▶ **TRY IT**:
For the listing below, output exactly the lines from the line with "6350), (389837, 5762)])" up to and including the line with "6350), (390469, 5962)])", and no other lines.
--- MATERIALS PROVIDED Enclosed Below ---
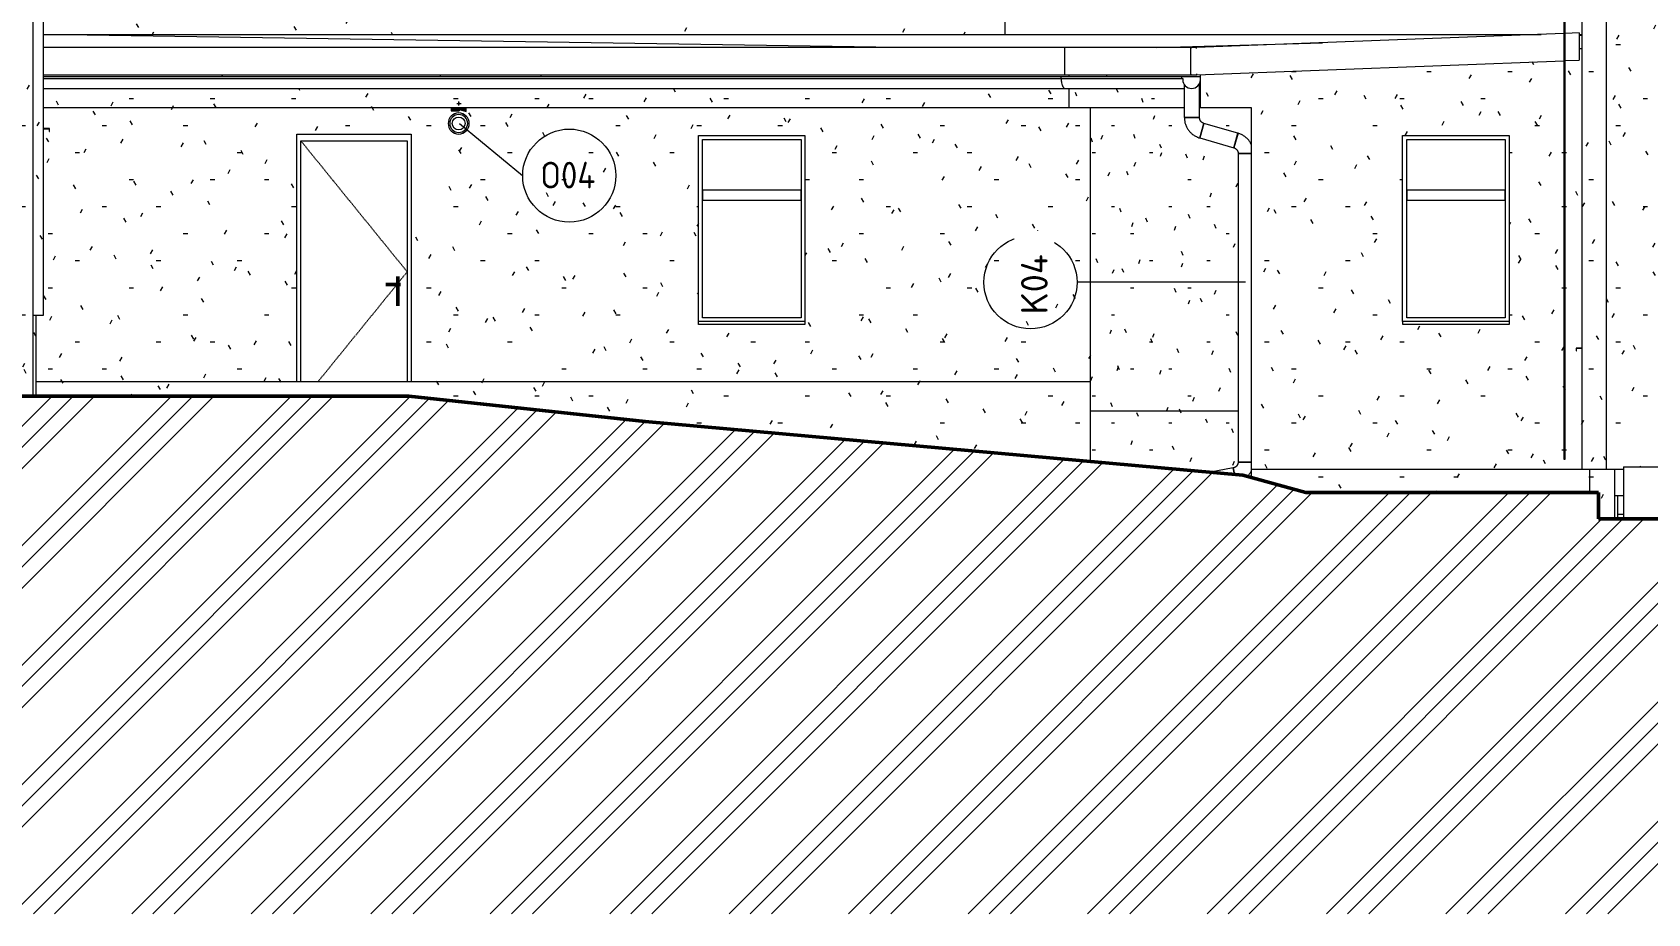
# Model space of a CAD drawing. Header units: millimetres. Extents: x -17526 to 472153, y -45352 to 20466.
# Drawn here: x 401011 to 413153, y -2470 to 4155 of the extents above; entities that cross this region are included whole.
import ezdxf

# ---------------------------------------------------------------- set-up
doc = ezdxf.new("R2010")
doc.units = ezdxf.units.MM
doc.linetypes.add('Čárka', pattern=[6.35, 3.175, -3.175])
for name, color, linetype, lineweight in [('A-DETL-GENF', 92, 'Continuous', 9), ('A-DETL-WIDE', 214, 'Continuous', 50), ('A-DOOR', 31, 'Continuous', 9), ('A-DOOR-FRAM', 31, 'Continuous', 9), ('A-FLOR', 192, 'Continuous', 9), ('A-GLAZ', 151, 'Continuous', 9), ('A-ROOF', 132, 'Continuous', 9), ('A-ROOF-OTLN', 132, 'Continuous', 9), ('A-WALL', 113, 'Continuous', 9), ('A-WALL-PATT', 111, 'Continuous', 9), ('E-POWR-CNDT', 130, 'Continuous', 9), ('E-POWR-CNTR', 130, 'Continuous', 9), ('E-POWR-DROP', 130, 'Continuous', 9), ('E-SERT', 181, 'Continuous', 9), ('E-SERT-IDEN', 181, 'Continuous', 9), ('P-PIPE', 3, 'Continuous', 9), ('P-PIPE-IDEN', 2, 'Continuous', 9), ('Q-SPCQ', 91, 'Continuous', 9)]:
    doc.layers.add(name, color=color, linetype=linetype, lineweight=lineweight)
doc.styles.add('ISOCPEUR', font='isocpeur.ttf', dxfattribs={"width": 0.9, "height": 200})
doc.styles.add('ISOCPEUR_2', font='isocpeur.ttf', dxfattribs={"height": 200})
pattern_1 = [(0, (337933.75, 0), (812.8, 203.2), [33.528, -576.072, 33.528, -576.072, -3251.2]), (0, (337933.75, 0), (812.8, 203.2), [-1219.2, 33.528, -1185.672, 33.528, -576.072, -1422.4]), (0, (337933.75, 0), (812.8, 203.2), [-3048, 33.528, -372.872, 33.528, -982.472]), (120, (338238.55, 101.6), (-582.37636, 602.30545), [33.528, -576.072, 33.528, -3827.272]), (120, (338238.55, 101.6), (-582.37636, 602.30545), [-643.128, -576.072, 33.528, -1185.672, -2032]), (120, (338238.55, 101.6), (-582.37636, 602.30545), [-2438.4, 33.528, -576.072, 33.528, -1388.872]), (120, (338238.55, 101.6), (-582.37636, 602.30545), [-3081.528, -372.872, 33.528, -982.472]), (240, (338340.15, 508), (-230.42364, -805.50545), [33.528, -576.072, 33.528, -576.072, -3251.2]), (240, (338340.15, 508), (-230.42364, -805.50545), [-1219.2, 33.528, -1185.672, 33.528, -576.072, -1422.4]), (240, (338340.15, 508), (-230.42364, -805.50545), [-3048, 33.528, -372.872, 33.528, -982.472])]
pattern_2 = [(0, (380385, 0), (574.736, 203.2), [23.708, -407.344, 23.708, -407.344, -2298.946]), (0, (380385, 0), (574.736, 203.2), [-862.105, 23.708, -838.397, 23.708, -407.344, -1005.789]), (0, (380385, 0), (574.736, 203.2), [-2155.261, 23.708, -263.66, 23.708, -694.713]), (112.208, (380600.52, 101.6), (-411.8061, 602.3028), [31.363, -538.866, -3611.448]), (112.208, (380600.52, 101.6), (-411.8061, 602.3028), [-570.229, 31.363, -538.866, -3041.219]), (112.208, (380600.52, 101.6), (-411.8061, 602.3028), [-1140.457, 31.363, -1109.095, -1900.762]), (112.208, (380600.52, 101.6), (-411.8061, 602.3028), [-2280.914, 31.363, -538.866, -1330.533]), (112.208, (380600.52, 101.6), (-411.8061, 602.3028), [-2851.143, 31.363, -348.79, -950.381]), (112.208, (380600.52, 101.6), (-411.8061, 602.3028), [-3231.295, 31.363, -919.018]), (247.792, (380672.36, 508), (-162.9386, -805.50415), [31.363, -538.866, -3611.448]), (247.792, (380672.36, 508), (-162.9386, -805.50415), [-570.229, 31.363, -538.866, -3041.219]), (247.792, (380672.36, 508), (-162.9386, -805.50415), [-1140.457, 31.363, -1109.095, -1900.762]), (247.792, (380672.36, 508), (-162.9386, -805.50415), [-2280.914, 31.363, -538.866, -1330.533]), (247.792, (380672.36, 508), (-162.9386, -805.50415), [-2851.143, 31.363, -348.79, -950.381]), (247.792, (380672.36, 508), (-162.9386, -805.50415), [-3231.295, 31.363, -919.018])]

# ---------------------------------------------------------------- blocks, each defined once
blk = doc.blocks.new('DVERE_1k_oblozka - DD03_01_800x1970_koupelna-2284058-J-Nový')
at = {"layer": 'A-DOOR', "linetype": 'Čárka'}
for p, q in [((44454, 2355), (43654, 3340)), ((43784, 1530), (44454, 2355))]:
    blk.add_line(p, q, dxfattribs=at)
at = {"layer": 'A-DOOR', "lineweight": 50}
for p, q in [((44384, 2320), (44384, 2100)), ((44294, 2260), (44404, 2260))]:
    blk.add_line(p, q, dxfattribs=at)
at = {"layer": 'A-DOOR-FRAM'}
for p, q in [((43654, 1530), (43654, 3340)), ((43654, 3340), (44454, 3340)), ((44454, 3340), (44454, 1530))]:
    blk.add_line(p, q, dxfattribs=at)
blk = doc.blocks.new('OKNO_1k_nadsvetlik - OKNO_1k_nadsvetlik_900 x 1500-2284060-J-Nový')
at = {"layer": 'A-GLAZ'}
for p, q in [((46674, 2010), (46674, 3350)), ((46674, 3350), (47414, 3350)), ((47414, 3350), (47414, 2010)), ((46674, 2970), (47414, 2970)), ((46674, 2970), (46674, 2890)), ((47414, 2890), (47414, 2970)), ((47414, 2890), (46674, 2890)), ((47414, 2010), (46674, 2010))]:
    blk.add_line(p, q, dxfattribs=at)
blk = doc.blocks.new('parapet_ext - parapet_ext-1802020-J-Nový')
at = {"layer": 'Q-SPCQ'}
for p, q in [((46644, 1960), (46644, 1982)), ((47444, 1982), (46644, 1982)), ((47444, 1960), (46644, 1960)), ((47444, 1982), (47444, 1960))]:
    blk.add_line(p, q, dxfattribs=at)
blk = doc.blocks.new('parapet_ext - parapet_ext-V191-J-Nový')
at = {"layer": 'Q-SPCQ'}
for p, q in [((53283, 1782), (53241, 1782)), ((53241, 1782), (53241, 1760)), ((53241, 1760), (53243, 1760)), ((53243, 1780), (53283, 1780)), ((53243, 1760), (53243, 1780))]:
    blk.add_line(p, q, dxfattribs=at)
blk = doc.blocks.new('parapet_ext - parapet_ext-V194-J-Nový')
at = {"layer": 'Q-SPCQ'}
for p, q in [((41764, 3432), (41722, 3432)), ((41722, 3430), (41762, 3430)), ((41762, 3430), (41762, 3410)), ((41762, 3410), (41764, 3410)), ((41764, 3410), (41764, 3432))]:
    blk.add_line(p, q, dxfattribs=at)
blk = doc.blocks.new('DVERE_1k_oblozka - DD03_01_900x1970_koupelna-1549512-J-Nový')
at = {"layer": 'A-DOOR-FRAM'}
blk.add_line((53596, 530), (53551, 530), dxfattribs=at)
blk = doc.blocks.new('DSP_Kamera_nastěnná - Refer to Catalog-V209-J-Nový')
at = {"layer": 'E-SERT'}
blk.add_hatch(color=11, dxfattribs=at).paths.add_polyline_path([(44898, 3561), (44898, 3590), (44785, 3590), (44785, 3566), (44845, 3566), (44845, 3576), (44886, 3565)])
at = {"layer": 'E-SERT', "color": 11}
for p, q in [((44785, 3590), (44785, 3566)), ((44785, 3566), (44845, 3566)), ((44845, 3566), (44785, 3566)), ((44810, 3581), (44810, 3590)), ((44845, 3590), (44845, 3566)), ((44845, 3566), (44845, 3576)), ((44845, 3576), (44898, 3561)), ((44845, 3576), (44898, 3561)), ((44898, 3586), (44898, 3590)), ((44898, 3561), (44898, 3586)), ((44898, 3561), (44898, 3586))]:
    blk.add_line(p, q, dxfattribs=at)
blk.add_circle((44841, 3470), 48.3, dxfattribs=at)
for radius, start, end in [(79.4, 90, 270), (67.5, 90, 270), (79.4, 270, 90), (67.5, 270, 90)]:
    blk.add_arc((44841, 3470), radius, start, end, dxfattribs=at)
blk = doc.blocks.new('Koleno_ ocel_ DIN 2605 - Standardní-1549763-J-Nový')
at = {"layer": 'P-PIPE', "color": 11}
for p, q in [((50699, 3397), (50667, 3288)), ((50700, 3244), (50799, 3244))]:
    blk.add_line(p, q, dxfattribs=at)
at = {"layer": 'P-PIPE', "color": 11, "flags": 128}
for points in [[(50667, 3288), (50669, 3287), (50671, 3286), (50672, 3286), (50674, 3285), (50675, 3284), (50677, 3283), (50679, 3282), (50680, 3282), (50682, 3280), (50683, 3279), (50684, 3278), (50686, 3277), (50687, 3276), (50688, 3274), (50689, 3273), (50690, 3272), (50692, 3270), (50693, 3269), (50693, 3267), (50694, 3266), (50695, 3264), (50696, 3262), (50697, 3261), (50697, 3259), (50698, 3257), (50698, 3256), (50699, 3254), (50699, 3252), (50699, 3250), (50699, 3249), (50700, 3247), (50700, 3245), (50700, 3244)], [(50799, 3312), (50796, 3318), (50793, 3324), (50790, 3329), (50786, 3334), (50782, 3340), (50779, 3345), (50774, 3349), (50770, 3354), (50766, 3359), (50761, 3363), (50756, 3367), (50751, 3371), (50746, 3375), (50741, 3378), (50735, 3382), (50730, 3385), (50724, 3388), (50718, 3390), (50712, 3393), (50706, 3395), (50700, 3397), (50699, 3397)]]:
    blk.add_lwpolyline(points, dxfattribs=at)
blk = doc.blocks.new('Koleno_ ocel_ DIN 2605 - Standardní-V237-J-Nový')
at = {"layer": 'P-PIPE', "color": 11}
for p, q in [((50410, 3514), (50296, 3514)), ((50411, 3361), (50443, 3471))]:
    blk.add_line(p, q, dxfattribs=at)
at = {"layer": 'P-PIPE', "color": 11, "flags": 128}
for points in [[(50296, 3514), (50296, 3508), (50296, 3501), (50297, 3495), (50298, 3489), (50299, 3482), (50300, 3476), (50302, 3470), (50304, 3464), (50306, 3458), (50308, 3452), (50311, 3446), (50314, 3441), (50317, 3435), (50320, 3429), (50324, 3424), (50327, 3419), (50331, 3414), (50335, 3409), (50340, 3404), (50344, 3400), (50349, 3396), (50353, 3391), (50358, 3387), (50364, 3384), (50369, 3380), (50374, 3377), (50380, 3374), (50386, 3371), (50391, 3368), (50397, 3366), (50403, 3363), (50409, 3362), (50411, 3361)], [(50443, 3471), (50441, 3471), (50439, 3472), (50437, 3473), (50436, 3473), (50434, 3474), (50433, 3475), (50431, 3476), (50430, 3477), (50428, 3478), (50427, 3479), (50425, 3480), (50424, 3481), (50423, 3483), (50422, 3484), (50420, 3485), (50419, 3487), (50418, 3488), (50417, 3490), (50416, 3491), (50415, 3493), (50415, 3494), (50414, 3496), (50413, 3498), (50412, 3499), (50412, 3501), (50411, 3503), (50411, 3505), (50411, 3506), (50410, 3508), (50410, 3510), (50410, 3512), (50410, 3513), (50410, 3514)]]:
    blk.add_lwpolyline(points, dxfattribs=at)
blk = doc.blocks.new('Koleno_ slitinová ocel - Standardní-1479841-J-Nový')
at = {"layer": 'P-PIPE', "color": 11}
for p, q in [((50663, 881), (50673, 831)), ((50799, 925), (50700, 925))]:
    blk.add_line(p, q, dxfattribs=at)
at = {"layer": 'P-PIPE', "color": 11, "flags": 128}
for points in [[(50700, 925), (50700, 923), (50700, 921), (50699, 920), (50699, 918), (50699, 916), (50698, 914), (50698, 913), (50697, 911), (50697, 909), (50696, 907), (50695, 906), (50695, 904), (50694, 903), (50693, 901), (50692, 900), (50691, 898), (50690, 897), (50689, 895), (50687, 894), (50686, 893), (50685, 892), (50683, 890), (50682, 889), (50681, 888), (50679, 887), (50678, 886), (50676, 885), (50674, 885), (50673, 884), (50671, 883), (50669, 883), (50668, 882), (50666, 882), (50664, 881), (50663, 881)], [(50771, 816), (50772, 818), (50777, 823), (50781, 828), (50784, 833), (50788, 838), (50791, 843), (50795, 849), (50797, 854), (50799, 857)]]:
    blk.add_lwpolyline(points, dxfattribs=at)
blk = doc.blocks.new('Koncovka okap - Koncovka okap-1679063-J-Nový')
at = {"layer": 'P-PIPE', "color": 11}
for p, q in [((50351, 3820), (50274, 3820)), ((50274, 3820), (50274, 3808)), ((50274, 3808), (50284, 3808)), ((50284, 3808), (50284, 3800)), ((50417, 3820), (50351, 3820))]:
    blk.add_line(p, q, dxfattribs=at)
blk.add_arc((50350, 3800), 66.6, 180, 360, dxfattribs=at)
blk = doc.blocks.new('Popiska zabezpečovací zařízení - Popiska okna_Bublina-1427579-J-Nový')
at = {"layer": 'E-SERT-IDEN'}
blk.add_circle((9115, 6890), 350, dxfattribs=at)
blk = doc.blocks.new('Popisek_trubky_d_x_s - Popisek_trubky_d_x_s-1473669-J-Nový')
at = {"layer": 'P-PIPE-IDEN'}
blk.add_circle((49139, 2276), 350, dxfattribs=at)

msp = doc.modelspace()

# ---------------------------------------------------------------- hatches: boundary and pattern name
at = {"layer": 'A-DETL-GENF'}
h = msp.add_hatch(dxfattribs=at)
h.set_pattern_fill('FP_144', style=0, pattern_type=2)
h.set_pattern_definition([(45, (337933.75, 0), (-449.0128, 449.0128), []), (45, (338092.5, 0), (0, 898.0256), []), (45, (337775, 0), (0, 898.0256), [])])
h.paths.add_polyline_path([(459233, -2470), (459233, 330), (442939, 331), (437663, 533), (425671, 497), (412783, 497), (412783, 697), (410583, 697), (410110, 826), (405618, 1230), (403840, 1421), (400840, 1421), (400482, 1779), (386582, 1779), (381885, 1943), (376881, 2030), (361515, 2030), (360736, 2114), (357996, 2114), (357996, 2274), (355323, 1927), (355323, -2470), (458688, -2470)])
at = {"layer": 'A-WALL-PATT'}
h = msp.add_hatch(dxfattribs=at)
h.set_pattern_fill('FP_135', color=11, style=0, pattern_type=2)
h.set_pattern_definition(pattern_1)
h.paths.add_polyline_path([(401018, 2030), (401096, 2030), (401096, 9366), (388508, 9366), (388508, 8900), (400932, 8899), (400934, 8897), (400935, 8894), (400934, 8699), (400932, 8696), (400928, 8696), (400893, 8696), (400893, 2030), (401008, 2030), (401009, 8147), (401018, 8147), (401018, 2219)])
h.paths.add_polyline_path([(394749, 2040), (394776, 2040), (394776, 4810), (394003, 4810), (394003, 3160), (391703, 3160), (391703, 4810), (391003, 4810), (391003, 3160), (388703, 3160), (388703, 4810), (388508, 4810), (388508, 2203), (394084, 2040), (394379, 2040)])
h.paths.add_polyline_path([(400928, 3611), (400922, 3612), (400920, 3614), (400917, 3620), (400920, 3626), (400924, 3629), (400928, 3628), (400931, 3628), (400935, 3622), (400934, 3616)])
h.paths.add_polyline_path([(400928, 5271), (400922, 5272), (400920, 5274), (400917, 5280), (400920, 5286), (400924, 5289), (400928, 5288), (400931, 5288), (400935, 5282), (400934, 5276)])
h.paths.add_polyline_path([(394677, 5481), (394776, 5481), (394776, 5577), (394431, 5577), (394431, 5481), (394598, 5481)])
h.paths.add_polyline_path([(389130, 5481), (390449, 5481), (390449, 5577), (388508, 5577), (388508, 5481), (388951, 5481)])
h.paths.add_polyline_path([(392450, 5481), (394411, 5481), (394411, 5577), (392450, 5577), (392450, 5508)])
h.paths.add_polyline_path([(392411, 5481), (392430, 5481), (392430, 5577), (390469, 5577), (390469, 5481), (392192, 5481)])
h.paths.add_polyline_path([(393382, 5585), (393478, 5585), (393478, 6350), (393382, 6350), (393382, 5807)])
h.paths.add_polyline_path([(394604, 5585), (394625, 5585), (394625, 6427), (394529, 6427), (394529, 5585), (394598, 5585)])
h.paths.add_polyline_path([(392965, 5585), (393061, 5585), (393061, 6350), (392965, 6350), (392965, 5807)])
h.paths.add_polyline_path([(392861, 5585), (392957, 5585), (392957, 6350), (392861, 6350), (392861, 5807)])
h.paths.add_polyline_path([(392757, 5585), (392853, 5585), (392853, 6350), (392757, 6350), (392757, 5807)])
h.paths.add_polyline_path([(392652, 5585), (392749, 5585), (392749, 6350), (392652, 6350), (392652, 5807)])
h.paths.add_polyline_path([(392630, 5585), (392644, 5585), (392644, 6350), (392548, 6350), (392548, 5585)])
h.paths.add_polyline_path([(388787, 5585), (388787, 6350), (388753, 6350), (388753, 6427), (388691, 6427), (388691, 5585), (388692, 5585)])
h.paths.add_polyline_path([(388891, 5585), (388891, 6350), (388795, 6350), (388795, 5585)])
h.paths.add_polyline_path([(394729, 5585), (394729, 6427), (394633, 6427), (394633, 5585)])
h.paths.add_polyline_path([(388995, 5585), (388995, 6350), (388899, 6350), (388899, 5585)])
h.paths.add_polyline_path([(392430, 5585), (392430, 6350), (392340, 6350), (392340, 5585), (392411, 5585)])
h.paths.add_polyline_path([(389100, 5585), (389100, 6350), (389003, 6350), (389003, 5585)])
h.paths.add_polyline_path([(392540, 5585), (392540, 6350), (392450, 6350), (392450, 5585)])
h.paths.add_polyline_path([(392227, 5585), (392227, 6350), (392131, 6350), (392131, 5585), (392192, 5585)])
h.paths.add_polyline_path([(392332, 5585), (392332, 6350), (392235, 6350), (392235, 5585)])
h.paths.add_polyline_path([(391297, 5585), (391393, 5585), (391393, 6427), (391297, 6427), (391297, 6106)])
h.paths.add_polyline_path([(391193, 5585), (391289, 5585), (391289, 6427), (391193, 6427), (391193, 6106)])
h.paths.add_polyline_path([(391088, 5585), (391185, 5585), (391185, 6427), (391088, 6427), (391088, 6106)])
h.paths.add_polyline_path([(389113, 5585), (389204, 5585), (389204, 6350), (389108, 6350), (389108, 5585)])
h.paths.add_polyline_path([(388586, 5585), (388683, 5585), (388683, 6427), (388586, 6427), (388586, 5670)])
h.paths.add_polyline_path([(388578, 5585), (388578, 6427), (388508, 6427), (388508, 5585), (388566, 5585)])
h.paths.add_polyline_path([(394776, 5585), (394776, 6427), (394737, 6427), (394737, 5585)])
h.paths.add_polyline_path([(390984, 5585), (391080, 5585), (391080, 6427), (391053, 6427), (391053, 6350), (390984, 6350), (390984, 6106)])
h.paths.add_polyline_path([(390359, 5585), (390449, 5585), (390449, 6350), (390359, 6350), (390359, 5927)])
h.paths.add_polyline_path([(390254, 5585), (390351, 5585), (390351, 6350), (390254, 6350), (390254, 5894)])
h.paths.add_polyline_path([(390150, 5585), (390246, 5585), (390246, 6350), (390150, 6350), (390150, 5861)])
h.paths.add_polyline_path([(390880, 5585), (390976, 5585), (390976, 6350), (390880, 6350), (390880, 6093)])
h.paths.add_polyline_path([(390046, 5585), (390142, 5585), (390142, 6350), (390046, 6350), (390046, 5828)])
h.paths.add_polyline_path([(389942, 5585), (390038, 5585), (390038, 6350), (389942, 6350), (389942, 5795)])
h.paths.add_polyline_path([(390776, 5585), (390872, 5585), (390872, 6350), (390776, 6350), (390776, 6060)])
h.paths.add_polyline_path([(389837, 5585), (389934, 5585), (389934, 6350), (389837, 6350), (389837, 5762)])
h.paths.add_polyline_path([(389733, 5585), (389829, 5585), (389829, 6350), (389733, 6350), (389733, 5729)])
h.paths.add_polyline_path([(389629, 5585), (389725, 5585), (389725, 6350), (389629, 6350), (389629, 5696)])
h.paths.add_polyline_path([(389567, 5585), (389621, 5585), (389621, 6350), (389525, 6350), (389525, 5585)])
h.paths.add_polyline_path([(390671, 5585), (390768, 5585), (390768, 6350), (390671, 6350), (390671, 6027)])
h.paths.add_polyline_path([(390567, 5585), (390663, 5585), (390663, 6350), (390567, 6350), (390567, 5994)])
h.paths.add_polyline_path([(390469, 5585), (390559, 5585), (390559, 6350), (390469, 6350), (390469, 5962)])
h.paths.add_polyline_path([(393486, 5585), (393583, 5585), (393583, 6350), (393486, 6350), (393486, 5779)])
h.paths.add_polyline_path([(393278, 5585), (393374, 5585), (393374, 6350), (393278, 6350), (393278, 5807)])
h.paths.add_polyline_path([(393174, 5585), (393270, 5585), (393270, 6350), (393174, 6350), (393174, 5807)])
h.paths.add_polyline_path([(389280, 5585), (389308, 5585), (389308, 6350), (389212, 6350), (389212, 5585)])
h.paths.add_polyline_path([(393069, 5585), (393166, 5585), (393166, 6350), (393069, 6350), (393069, 5807)])
h.paths.add_polyline_path([(393903, 5585), (394000, 5585), (394000, 6350), (393903, 6350), (393903, 5637)])
h.paths.add_polyline_path([(394411, 5585), (394411, 6427), (394320, 6427), (394320, 5585), (394379, 5585)])
h.paths.add_polyline_path([(393799, 5585), (393895, 5585), (393895, 6350), (393799, 6350), (393799, 5673)])
h.paths.add_polyline_path([(393695, 5585), (393791, 5585), (393791, 6350), (393695, 6350), (393695, 5708)])
h.paths.add_polyline_path([(393591, 5585), (393687, 5585), (393687, 6350), (393591, 6350), (393591, 5744)])
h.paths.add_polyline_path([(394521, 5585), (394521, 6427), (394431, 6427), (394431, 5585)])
--- End of Enclosed MATERIALS PROVIDED ---
▶ **SOLUTION BELOW**:
h.paths.add_polyline_path([(389837, 5585), (389934, 5585), (389934, 6350), (389837, 6350), (389837, 5762)])
h.paths.add_polyline_path([(389733, 5585), (389829, 5585), (389829, 6350), (389733, 6350), (389733, 5729)])
h.paths.add_polyline_path([(389629, 5585), (389725, 5585), (389725, 6350), (389629, 6350), (389629, 5696)])
h.paths.add_polyline_path([(389567, 5585), (389621, 5585), (389621, 6350), (389525, 6350), (389525, 5585)])
h.paths.add_polyline_path([(390671, 5585), (390768, 5585), (390768, 6350), (390671, 6350), (390671, 6027)])
h.paths.add_polyline_path([(390567, 5585), (390663, 5585), (390663, 6350), (390567, 6350), (390567, 5994)])
h.paths.add_polyline_path([(390469, 5585), (390559, 5585), (390559, 6350), (390469, 6350), (390469, 5962)])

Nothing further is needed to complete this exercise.